Dave Thomas, State School Board District 4

Why did you decide to run for public office?

I have a passion for public education and preparing our children to compete and succeed in the 21st Century marketplace of ideas and economies.

What is your background? Profession, skills, etc.? 

I am a county attorney and have represented local legislative bodies for many years. Prior to becoming a county attorney, I was a Judge Advocate on active duty in the U.S. Army. I believe in providing service to our communities and to the nation. Hence, I have served on my local city council, as a state senator, and on the state school board.

What is your general experience with drug policy and substance abuse? 

I have experience as a criminal prosecutor. In that role, I prosecuted drug crimes. Further, as a Utah state senator, I helped enact legislation concerning drug policy and substance abuse. In my role as a county attorney, I am familiar with drug courts and other criminal diversion programs. 

Do you support the creation of a medical cannabis program? Can you expand upon your general feelings about medical cannabis?

Marijuana by itself is regarded as a relatively minor drug. However, in my experience, it is utilized as a "gateway" drug which leads to more powerful drugs, such as cocaine and meth. I am concerned with the significant increase in states, like Colorado, of drug use as a result of medical marijuana programs. Therefore, I do not favor the legalization.

What steps would you take to reduce the number of overdose deaths? Do you have any personal experiences with overdose?

I would work to make Narcan (naloxone) more readily available. It can reverse the effects of an overdose of opium or opioids. This has been used in emergency rooms for years and is now being made available by prescription under the Overdose Prevention Act. 

Do you agree with this analysis? Please feel free to elaborate.

I disagree. While drug use is a public health issue, it is also a criminal law issue. You cannot divorce one from the other. The root cause of many crimes remains drug use. Hence, it must be addressed within the framework of the criminal justice system. As it applies to public schools, the juvenile justice system assists in dealing with drug use by juveniles where a crime is committed. Since juvenile court is not a court of record, it has proved to be an effective method of dealing with youth who have drug dependencies.

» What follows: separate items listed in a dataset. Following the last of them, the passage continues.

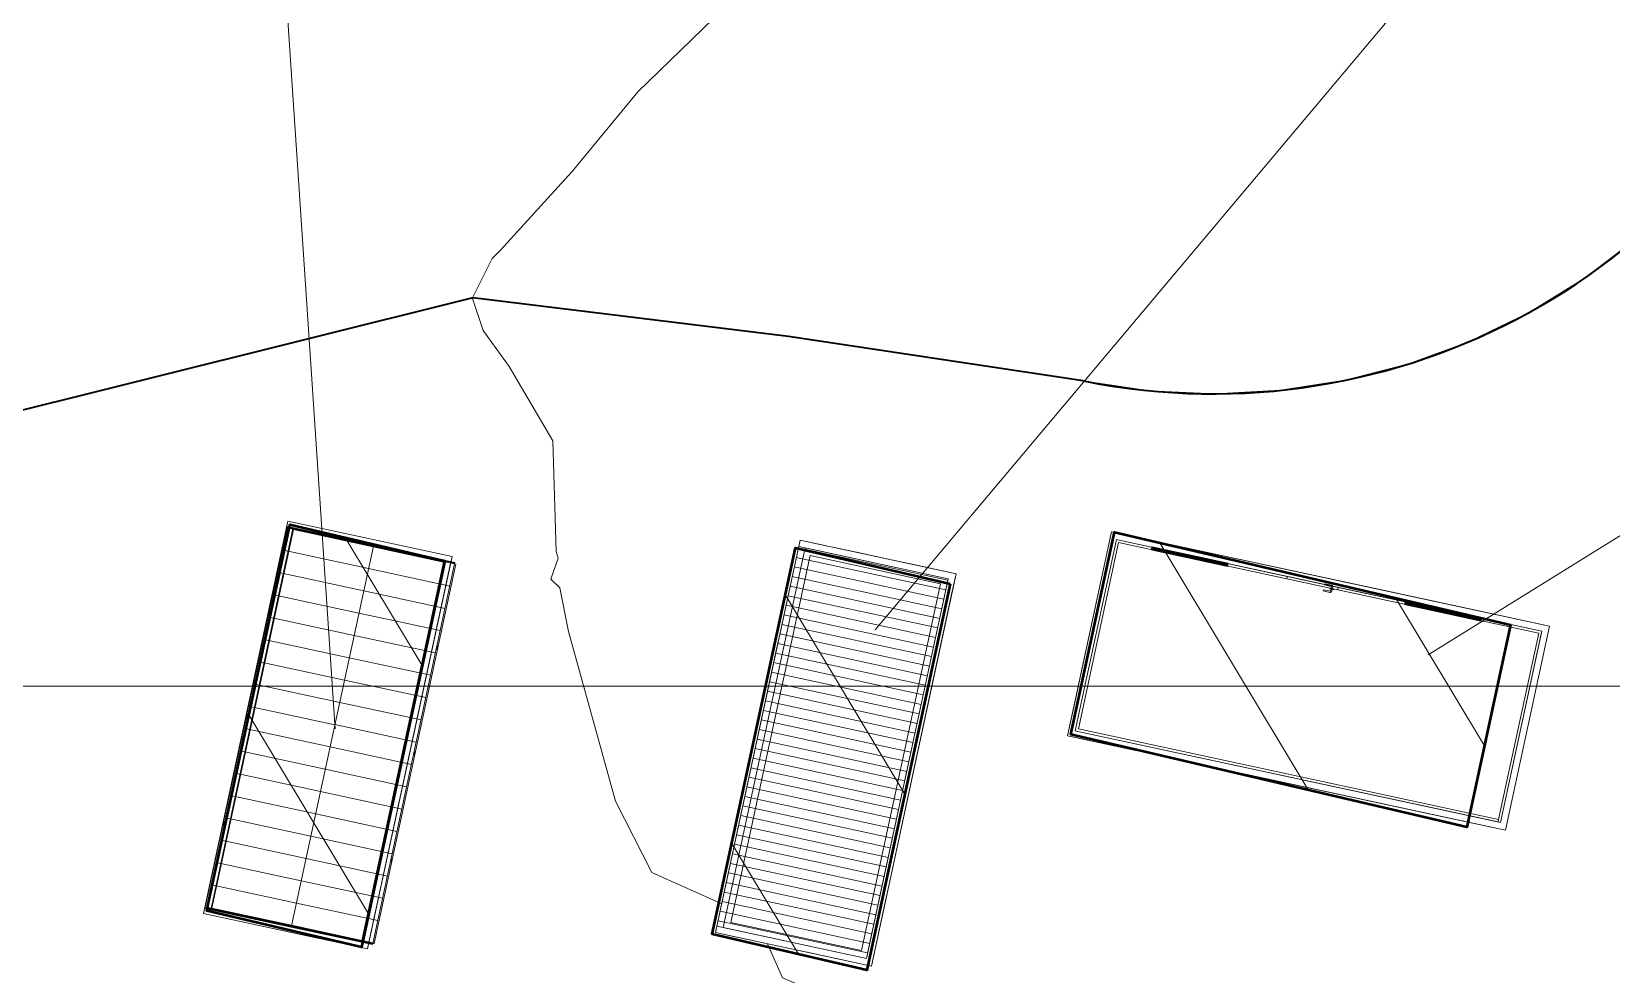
# Model space of a CAD drawing. Header units: metres. Extents: x -207 to 292, y -187 to 169.
# Drawn here: x 2.66 to 26.9, y -135.5 to -121.04 of the extents above; entities that cross this region are included whole.
import ezdxf

# ---------------------------------------------------------------- set-up
doc = ezdxf.new("R2010")
doc.units = ezdxf.units.M
for name, color, linetype, lineweight in [('A-DOOR', 7, 'Continuous', 9), ('A-FLOR', 7, 'Continuous', 9), ('A-GLAZ', 7, 'Continuous', 9), ('A-ROOF', 7, 'Continuous', 9), ('A-ROOF-OTLN', 7, 'Continuous', 9), ('A-ROOF-PATT', 7, 'Continuous', 9), ('A-WALL', 7, 'Continuous', 9), ('BORDE CAMINO', 7, 'Continuous', 35), ('C-BLDG-PADS', 7, 'Continuous', 9), ('C-TOPO', 7, 'Continuous', 9), ('C-TOPO-MAJR', 7, 'Continuous', 35), ('edificios', 7, 'Continuous', 50), ('EQUIPOS PIS', 7, 'Continuous', 9), ('grilla', 7, 'Continuous', 9), ('I-WALL', 7, 'Continuous', 9)]:
    doc.layers.add(name, color=color, linetype=linetype, lineweight=lineweight)
doc.layers.add('PR10-ARQ-PL-001-Emplazamiento-C-1_dwg', color=7, linetype='Continuous', lineweight=9, true_color=0x767676)
doc.layers.add('TEXTO', color=5, linetype='Continuous', lineweight=9, true_color=0x0000ff)
pattern_1 = [(121, (-655750.258, -5498481.082), (-2.286065191, -1.3736065458), [])]

# ---------------------------------------------------------------- blocks, each defined once
blk = doc.blocks.new('FCA_N_Puertas - FCA_N_Puerta interna_ PB 2_10 x 0_80-2131073-PLANTA EMPLAZAMIENTO ACTUALIZADO')
at = {"layer": 'A-DOOR'}
for p, q in [((0.29, 0.031), (0.185, 0.031)), ((0.185, 0.031), (0.185, 0.011)), ((0.185, 0.031), (0.185, 0.011)), ((0.185, 0.011), (0.29, 0.011)), ((0.295, 0.006), (0.295, -0.024)), ((0.315, -0.024), (0.315, 0.006)), ((0.4, -0.02), (-0.4, -0.02)), ((0.29, -0.063), (0.185, -0.063)), ((0.185, -0.063), (0.185, -0.083)), ((0.185, -0.063), (0.185, -0.083)), ((0.185, -0.083), (0.29, -0.083)), ((0.277, -0.02), (0.277, -0.028)), ((0.277, -0.024), (0.277, -0.032)), ((0.338, -0.02), (0.277, -0.02)), ((0.338, -0.02), (0.277, -0.02)), ((0.338, -0.024), (0.277, -0.024)), ((0.338, -0.024), (0.277, -0.024)), ((0.277, -0.028), (0.338, -0.028)), ((0.277, -0.028), (0.338, -0.028)), ((0.277, -0.032), (0.338, -0.032)), ((0.277, -0.032), (0.338, -0.032)), ((0.295, -0.024), (0.315, -0.024)), ((0.295, -0.024), (0.315, -0.024)), ((0.295, -0.028), (0.295, -0.058)), ((0.315, -0.028), (0.295, -0.028)), ((0.315, -0.028), (0.295, -0.028)), ((0.315, -0.058), (0.315, -0.028)), ((0.338, -0.028), (0.338, -0.02)), ((0.338, -0.032), (0.338, -0.024))]:
    blk.add_line(p, q, dxfattribs=at)
at = {"layer": 'A-DOOR', "flags": 128}
for points in [[(0.315, 0.006), (0.315, 0.007), (0.315, 0.008), (0.315, 0.009), (0.315, 0.01), (0.315, 0.011), (0.314, 0.012), (0.314, 0.013), (0.314, 0.014), (0.313, 0.015), (0.313, 0.016), (0.313, 0.017), (0.312, 0.018), (0.312, 0.018), (0.311, 0.019), (0.311, 0.02), (0.31, 0.021), (0.309, 0.022), (0.309, 0.022), (0.308, 0.023), (0.307, 0.024), (0.307, 0.025), (0.306, 0.025), (0.305, 0.026), (0.304, 0.026), (0.304, 0.027), (0.303, 0.028), (0.302, 0.028), (0.301, 0.029), (0.3, 0.029), (0.299, 0.029), (0.298, 0.03), (0.297, 0.03), (0.296, 0.03), (0.295, 0.03), (0.294, 0.031), (0.293, 0.031), (0.292, 0.031), (0.291, 0.031), (0.29, 0.031), (0.29, 0.031)], [(0.29, 0.011), (0.29, 0.011), (0.29, 0.011), (0.291, 0.011), (0.291, 0.011), (0.291, 0.011), (0.291, 0.011), (0.291, 0.011), (0.292, 0.011), (0.292, 0.011), (0.292, 0.011), (0.292, 0.011), (0.292, 0.01), (0.292, 0.01), (0.293, 0.01), (0.293, 0.01), (0.293, 0.01), (0.293, 0.01), (0.293, 0.01), (0.293, 0.01), (0.294, 0.009), (0.294, 0.009), (0.294, 0.009), (0.294, 0.009), (0.294, 0.009), (0.294, 0.009), (0.294, 0.009), (0.294, 0.008), (0.295, 0.008), (0.295, 0.008), (0.295, 0.008), (0.295, 0.008), (0.295, 0.007), (0.295, 0.007), (0.295, 0.007), (0.295, 0.007), (0.295, 0.007), (0.295, 0.006), (0.295, 0.006), (0.295, 0.006), (0.295, 0.006)], [(0.29, -0.083), (0.291, -0.083), (0.292, -0.083), (0.293, -0.083), (0.294, -0.083), (0.295, -0.083), (0.296, -0.082), (0.297, -0.082), (0.298, -0.082), (0.299, -0.081), (0.3, -0.081), (0.301, -0.081), (0.302, -0.08), (0.302, -0.08), (0.303, -0.079), (0.304, -0.079), (0.305, -0.078), (0.306, -0.077), (0.306, -0.077), (0.307, -0.076), (0.308, -0.075), (0.309, -0.075), (0.309, -0.074), (0.31, -0.073), (0.31, -0.072), (0.311, -0.072), (0.312, -0.071), (0.312, -0.07), (0.313, -0.069), (0.313, -0.068), (0.313, -0.067), (0.314, -0.066), (0.314, -0.065), (0.314, -0.064), (0.314, -0.063), (0.315, -0.062), (0.315, -0.061), (0.315, -0.06), (0.315, -0.059), (0.315, -0.058), (0.315, -0.058)], [(0.295, -0.058), (0.295, -0.058), (0.295, -0.058), (0.295, -0.059), (0.295, -0.059), (0.295, -0.059), (0.295, -0.059), (0.295, -0.059), (0.295, -0.06), (0.295, -0.06), (0.295, -0.06), (0.295, -0.06), (0.294, -0.06), (0.294, -0.06), (0.294, -0.061), (0.294, -0.061), (0.294, -0.061), (0.294, -0.061), (0.294, -0.061), (0.294, -0.061), (0.293, -0.062), (0.293, -0.062), (0.293, -0.062), (0.293, -0.062), (0.293, -0.062), (0.293, -0.062), (0.293, -0.062), (0.292, -0.062), (0.292, -0.063), (0.292, -0.063), (0.292, -0.063), (0.292, -0.063), (0.291, -0.063), (0.291, -0.063), (0.291, -0.063), (0.291, -0.063), (0.291, -0.063), (0.29, -0.063), (0.29, -0.063), (0.29, -0.063), (0.29, -0.063)]]:
    blk.add_lwpolyline(points, dxfattribs=at)
blk = doc.blocks.new('Ventana Fija Truebond QT - FCA_N_Ventana Fija 1_3 X 1_6 2-2130863-PLANTA EMPLAZAMIENTO ACTUALIZADO')
at = {"layer": 'A-GLAZ'}
for p, q in [((-0.6, 0.025), (-0.6, 0.022)), ((0.6, 0.025), (-0.6, 0.025)), ((-0.6, 0.025), (0.6, 0.025)), ((-0.6, 0.022), (-0.6, 0.025)), ((0.6, 0.022), (-0.6, 0.022)), ((0.6, 0.022), (-0.6, 0.022)), ((-0.599, 0.022), (-0.598, 0.024)), ((-0.598, 0.024), (-0.599, 0.022)), ((0.599, 0.022), (-0.599, 0.022)), ((-0.599, 0.022), (0.599, 0.022)), ((0.598, 0.024), (-0.598, 0.024)), ((0.598, 0.024), (-0.598, 0.024)), ((-0.596, 0.01), (-0.597, 0.008)), ((-0.597, 0.008), (-0.596, 0.01)), ((0.597, 0.008), (-0.597, 0.008)), ((0.597, 0.008), (-0.597, 0.008)), ((-0.596, 0.024), (-0.596, 0.01)), ((0.596, 0.024), (-0.596, 0.024)), ((-0.596, 0.024), (0.596, 0.024)), ((-0.596, 0.01), (-0.596, 0.024)), ((0.596, 0.01), (-0.596, 0.01)), ((-0.596, 0.01), (0.596, 0.01)), ((-0.594, 0.008), (-0.594, 0.009)), ((-0.594, 0.009), (-0.594, -0.001)), ((0.594, 0.009), (-0.594, 0.009)), ((-0.594, 0.009), (-0.594, 0.008)), ((-0.594, 0.009), (0.594, 0.009)), ((-0.594, -0.001), (-0.594, 0.009)), ((0.594, 0.008), (-0.594, 0.008)), ((-0.594, 0.008), (0.594, 0.008)), ((-0.585, 0.008), (-0.584, 0.009)), ((-0.584, 0.009), (-0.585, 0.008)), ((-0.585, 0), (-0.585, 0.008)), ((0.585, 0.008), (-0.585, 0.008)), ((-0.585, 0.008), (-0.585, 0)), ((-0.585, 0.008), (0.585, 0.008)), ((-0.584, -0.001), (-0.585, 0)), ((0.585, 0), (-0.585, 0)), ((-0.585, 0), (-0.584, -0.001)), ((-0.585, 0), (0.585, 0)), ((-0.584, 0.009), (-0.584, 0.008)), ((0.584, 0.009), (-0.584, 0.009)), ((-0.584, 0.009), (0.584, 0.009)), ((-0.584, 0.008), (-0.584, 0.009)), ((0.584, 0.008), (-0.584, 0.008)), ((0.584, 0.008), (-0.584, 0.008)), ((-0.582, 0.01), (-0.582, 0.024)), ((0.582, 0.024), (-0.582, 0.024)), ((0.582, 0.024), (-0.582, 0.024)), ((-0.582, 0.024), (-0.582, 0.01)), ((-0.581, 0.008), (-0.582, 0.01)), ((0.582, 0.01), (-0.582, 0.01)), ((-0.582, 0.01), (-0.581, 0.008)), ((-0.582, 0.01), (0.582, 0.01)), ((0.581, 0.008), (-0.581, 0.008)), ((-0.581, 0.008), (0.581, 0.008)), ((-0.565, 0.022), (-0.566, 0.022)), ((-0.566, 0.022), (-0.566, 0.018)), ((0.566, 0.022), (-0.566, 0.022)), ((-0.566, 0.022), (-0.565, 0.022)), ((-0.566, 0.022), (0.566, 0.022)), ((-0.566, 0.018), (-0.566, 0.022)), ((-0.566, -0.006), (-0.566, 0.018)), ((-0.566, 0.018), (-0.566, -0.006)), ((-0.566, 0.018), (0.566, 0.018)), ((-0.566, 0.018), (0.566, 0.018)), ((-0.566, 0.018), (-0.565, 0.017)), ((0.566, 0.018), (-0.566, 0.018)), ((-0.566, 0.018), (0.566, 0.018)), ((-0.565, 0.017), (-0.566, 0.018)), ((-0.565, 0.024), (-0.565, 0.022)), ((0.565, 0.024), (-0.565, 0.024)), ((-0.565, 0.024), (0.565, 0.024)), ((-0.565, 0.022), (-0.565, 0.024)), ((0.565, 0.022), (-0.565, 0.022)), ((-0.565, 0.022), (0.565, 0.022)), ((0.565, 0.017), (-0.565, 0.017)), ((0.565, 0.017), (-0.565, 0.017)), ((-0.563, 0.017), (-0.563, 0.018)), ((0.563, 0.018), (-0.563, 0.018)), ((0.563, 0.018), (-0.563, 0.018)), ((-0.563, 0.018), (-0.563, 0.017)), ((0.563, 0.017), (-0.563, 0.017)), ((-0.563, 0.017), (0.563, 0.017)), ((-0.562, 0.018), (-0.562, 0.016)), ((0.562, 0.018), (-0.562, 0.018)), ((-0.562, 0.018), (0.562, 0.018)), ((-0.562, 0.016), (-0.562, 0.018)), ((0.562, 0.016), (-0.562, 0.016)), ((0.562, 0.016), (-0.562, 0.016)), ((-0.561, 0.016), (-0.561, 0.018)), ((0.561, 0.018), (-0.561, 0.018)), ((0.561, 0.018), (-0.561, 0.018)), ((-0.561, 0.018), (-0.561, 0.016)), ((0.561, 0.016), (-0.561, 0.016)), ((-0.561, 0.016), (0.561, 0.016)), ((-0.56, 0.018), (-0.559, 0.016)), ((0.56, 0.018), (-0.56, 0.018)), ((-0.56, 0.018), (0.56, 0.018)), ((-0.559, 0.016), (-0.56, 0.018)), ((-0.558, 0.016), (-0.559, 0.018)), ((0.559, 0.018), (-0.559, 0.018)), ((0.559, 0.018), (-0.559, 0.018)), ((-0.559, 0.018), (-0.558, 0.016)), ((0.559, 0.016), (-0.559, 0.016)), ((0.559, 0.016), (-0.559, 0.016)), ((-0.558, 0.022), (-0.558, 0.025)), ((0.558, 0.025), (-0.558, 0.025)), ((0.558, 0.025), (-0.558, 0.025)), ((-0.558, 0.025), (-0.558, 0.022)), ((0.558, 0.022), (-0.558, 0.022)), ((-0.558, 0.022), (0.558, 0.022)), ((0.558, 0.016), (-0.558, 0.016)), ((-0.558, 0.016), (0.558, 0.016)), ((-0.555, 0.017), (-0.557, 0.022)), ((0.557, 0.022), (-0.557, 0.022)), ((0.557, 0.022), (-0.557, 0.022)), ((-0.557, 0.022), (-0.555, 0.017)), ((-0.557, 0.018), (-0.557, 0.017)), ((0.557, 0.018), (-0.557, 0.018)), ((-0.557, 0.018), (0.557, 0.018)), ((-0.557, 0.017), (-0.557, 0.018)), ((-0.557, 0.017), (-0.555, 0.017)), ((0.557, 0.017), (-0.557, 0.017)), ((-0.557, 0.017), (0.557, 0.017)), ((-0.555, 0.017), (-0.557, 0.017)), ((0.555, 0.017), (-0.555, 0.017)), ((-0.555, 0.017), (0.555, 0.017)), ((0.555, 0.017), (0.557, 0.022)), ((0.555, 0.017), (0.557, 0.022)), ((0.557, 0.017), (0.555, 0.017)), ((0.557, 0.017), (0.555, 0.017)), ((0.557, 0.018), (0.557, 0.017)), ((0.557, 0.018), (0.557, 0.017)), ((0.558, 0.022), (0.558, 0.025)), ((0.558, 0.022), (0.558, 0.025)), ((0.558, 0.016), (0.559, 0.018)), ((0.558, 0.016), (0.559, 0.018)), ((0.56, 0.018), (0.559, 0.016)), ((0.56, 0.018), (0.559, 0.016)), ((0.561, 0.016), (0.561, 0.018)), ((0.561, 0.016), (0.561, 0.018)), ((0.562, 0.018), (0.562, 0.016)), ((0.562, 0.018), (0.562, 0.016)), ((0.563, 0.017), (0.563, 0.018)), ((0.563, 0.017), (0.563, 0.018)), ((0.565, 0.024), (0.565, 0.022)), ((0.565, 0.024), (0.565, 0.022)), ((0.565, 0.022), (0.566, 0.022)), ((0.565, 0.022), (0.566, 0.022)), ((0.566, 0.018), (0.565, 0.017)), ((0.566, 0.018), (0.565, 0.017)), ((0.566, 0.022), (0.566, 0.018)), ((0.566, 0.022), (0.566, 0.018)), ((0.566, 0.018), (0.566, -0.006)), ((0.566, 0.018), (0.566, -0.006)), ((0.581, 0.008), (0.582, 0.01)), ((0.581, 0.008), (0.582, 0.01)), ((0.582, 0.01), (0.582, 0.024)), ((0.582, 0.01), (0.582, 0.024)), ((0.585, 0.008), (0.584, 0.009)), ((0.584, 0.009), (0.584, 0.008)), ((0.585, 0.008), (0.584, 0.009)), ((0.584, 0.009), (0.584, 0.008)), ((0.584, -0.001), (0.585, 0)), ((0.584, -0.001), (0.585, 0)), ((0.585, 0), (0.585, 0.008)), ((0.585, 0), (0.585, 0.008)), ((0.594, 0.008), (0.594, 0.009)), ((0.594, 0.009), (0.594, -0.001)), ((0.594, 0.008), (0.594, 0.009)), ((0.594, 0.009), (0.594, -0.001)), ((0.596, 0.024), (0.596, 0.01)), ((0.596, 0.024), (0.596, 0.01)), ((0.596, 0.01), (0.597, 0.008)), ((0.596, 0.01), (0.597, 0.008)), ((0.599, 0.022), (0.598, 0.024)), ((0.599, 0.022), (0.598, 0.024)), ((0.6, 0.025), (0.6, 0.022)), ((0.6, 0.025), (0.6, 0.022)), ((-0.6, -0.023), (-0.6, -0.025)), ((0.6, -0.023), (-0.6, -0.023)), ((-0.6, -0.023), (0.6, -0.023)), ((-0.6, -0.025), (-0.6, -0.023)), ((-0.6, -0.025), (0.6, -0.025)), ((0.6, -0.025), (-0.6, -0.025)), ((-0.599, -0.024), (-0.599, -0.023)), ((0.599, -0.023), (-0.599, -0.023)), ((0.599, -0.023), (-0.599, -0.023)), ((-0.599, -0.023), (-0.599, -0.024)), ((0.599, -0.024), (-0.599, -0.024)), ((-0.599, -0.024), (0.599, -0.024)), ((-0.597, 0), (-0.596, -0.002)), ((0.597, 0), (-0.597, 0)), ((-0.597, 0), (0.597, 0)), ((-0.596, -0.002), (-0.597, 0)), ((-0.596, -0.002), (-0.596, -0.024)), ((0.596, -0.002), (-0.596, -0.002)), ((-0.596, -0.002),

There are a variety of diversion programs available to the juvenile court and its prosecutors. Further, drug court has had remarkable successes. Lastly, the Utah Justice Reinvestment Act has a real chance of success as long as it is properly funded. 

Are you familiar with the principle of harm reduction? Do you have any experience with harm reduction policies? Please feel free to elaborate.

I am not familiar with the principle of harm reduction. I am familiar with drug related programs through the local public health departments. As part of my position as a county attorney, I deal with the health department on a frequent basis.

What are your general thoughts on the decriminalization of cannabis? Please elaborate.

I am not in favor of decriminalizing illegal drug use and distribution.

Are you interested in sponsoring drug policy reform legislation if you were elected? What would be some specific areas of focus or interest for you?

I am not running for legislative office.

Anything else?

Schools should be "drug free" zones which are safe for children. Teachers have a unique responsibility in our school system to teach and mentor youth. Consequently, teachers convicted of illegal drug use and/or distribution, should have their teaching licenses suspended.